**Work instructions:** Each line that includes "Hemant" must be copied from the records.

**Dataset:**
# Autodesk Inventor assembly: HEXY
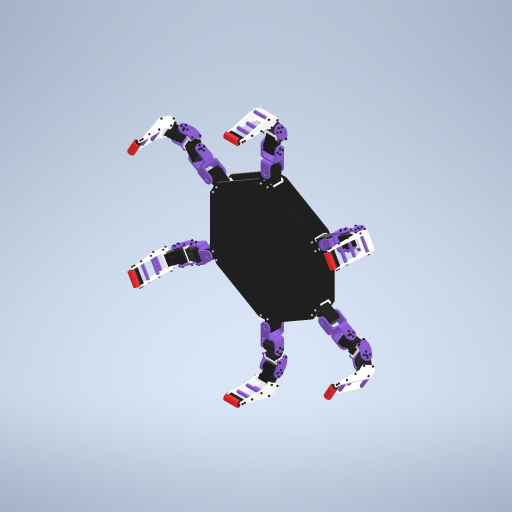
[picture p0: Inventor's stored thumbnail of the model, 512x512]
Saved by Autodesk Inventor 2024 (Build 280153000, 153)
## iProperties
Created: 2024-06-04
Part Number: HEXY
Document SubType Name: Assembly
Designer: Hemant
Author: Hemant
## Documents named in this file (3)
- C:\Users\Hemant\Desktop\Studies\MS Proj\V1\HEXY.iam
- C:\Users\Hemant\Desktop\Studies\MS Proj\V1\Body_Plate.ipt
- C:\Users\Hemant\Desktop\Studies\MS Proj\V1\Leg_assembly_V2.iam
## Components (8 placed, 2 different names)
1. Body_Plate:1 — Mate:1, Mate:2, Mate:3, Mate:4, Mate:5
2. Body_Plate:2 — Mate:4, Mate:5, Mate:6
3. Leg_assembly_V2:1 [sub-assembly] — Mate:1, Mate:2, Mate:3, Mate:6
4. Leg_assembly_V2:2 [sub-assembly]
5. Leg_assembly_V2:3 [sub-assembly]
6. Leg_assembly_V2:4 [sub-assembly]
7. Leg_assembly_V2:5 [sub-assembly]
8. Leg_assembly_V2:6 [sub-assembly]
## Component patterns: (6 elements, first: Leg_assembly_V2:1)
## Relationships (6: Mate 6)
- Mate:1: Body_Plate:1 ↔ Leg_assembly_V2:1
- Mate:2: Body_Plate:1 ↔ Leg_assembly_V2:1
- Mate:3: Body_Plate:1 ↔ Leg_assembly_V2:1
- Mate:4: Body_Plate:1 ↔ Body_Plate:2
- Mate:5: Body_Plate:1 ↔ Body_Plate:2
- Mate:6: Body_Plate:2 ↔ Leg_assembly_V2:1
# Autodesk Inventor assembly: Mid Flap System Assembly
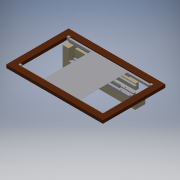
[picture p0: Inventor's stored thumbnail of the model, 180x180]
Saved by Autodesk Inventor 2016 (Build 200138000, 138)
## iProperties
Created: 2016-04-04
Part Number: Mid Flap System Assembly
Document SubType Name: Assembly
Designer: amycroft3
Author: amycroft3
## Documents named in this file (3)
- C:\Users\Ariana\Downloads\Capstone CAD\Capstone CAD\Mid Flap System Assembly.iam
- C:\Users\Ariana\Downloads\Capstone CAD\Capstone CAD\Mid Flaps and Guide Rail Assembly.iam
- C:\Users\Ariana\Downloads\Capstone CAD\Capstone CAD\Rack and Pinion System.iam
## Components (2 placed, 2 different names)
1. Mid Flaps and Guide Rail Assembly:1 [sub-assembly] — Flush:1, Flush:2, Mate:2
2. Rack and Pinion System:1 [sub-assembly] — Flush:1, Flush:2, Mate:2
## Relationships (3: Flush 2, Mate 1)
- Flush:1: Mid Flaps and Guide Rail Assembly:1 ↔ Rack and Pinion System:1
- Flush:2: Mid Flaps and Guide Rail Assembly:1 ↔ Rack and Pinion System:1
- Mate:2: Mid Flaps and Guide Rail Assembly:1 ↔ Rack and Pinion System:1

**Answer space:**
Designer: Hemant
Author: Hemant
- C:\Users\Hemant\Desktop\Studies\MS Proj\V1\HEXY.iam
- C:\Users\Hemant\Desktop\Studies\MS Proj\V1\Body_Plate.ipt
- C:\Users\Hemant\Desktop\Studies\MS Proj\V1\Leg_assembly_V2.iam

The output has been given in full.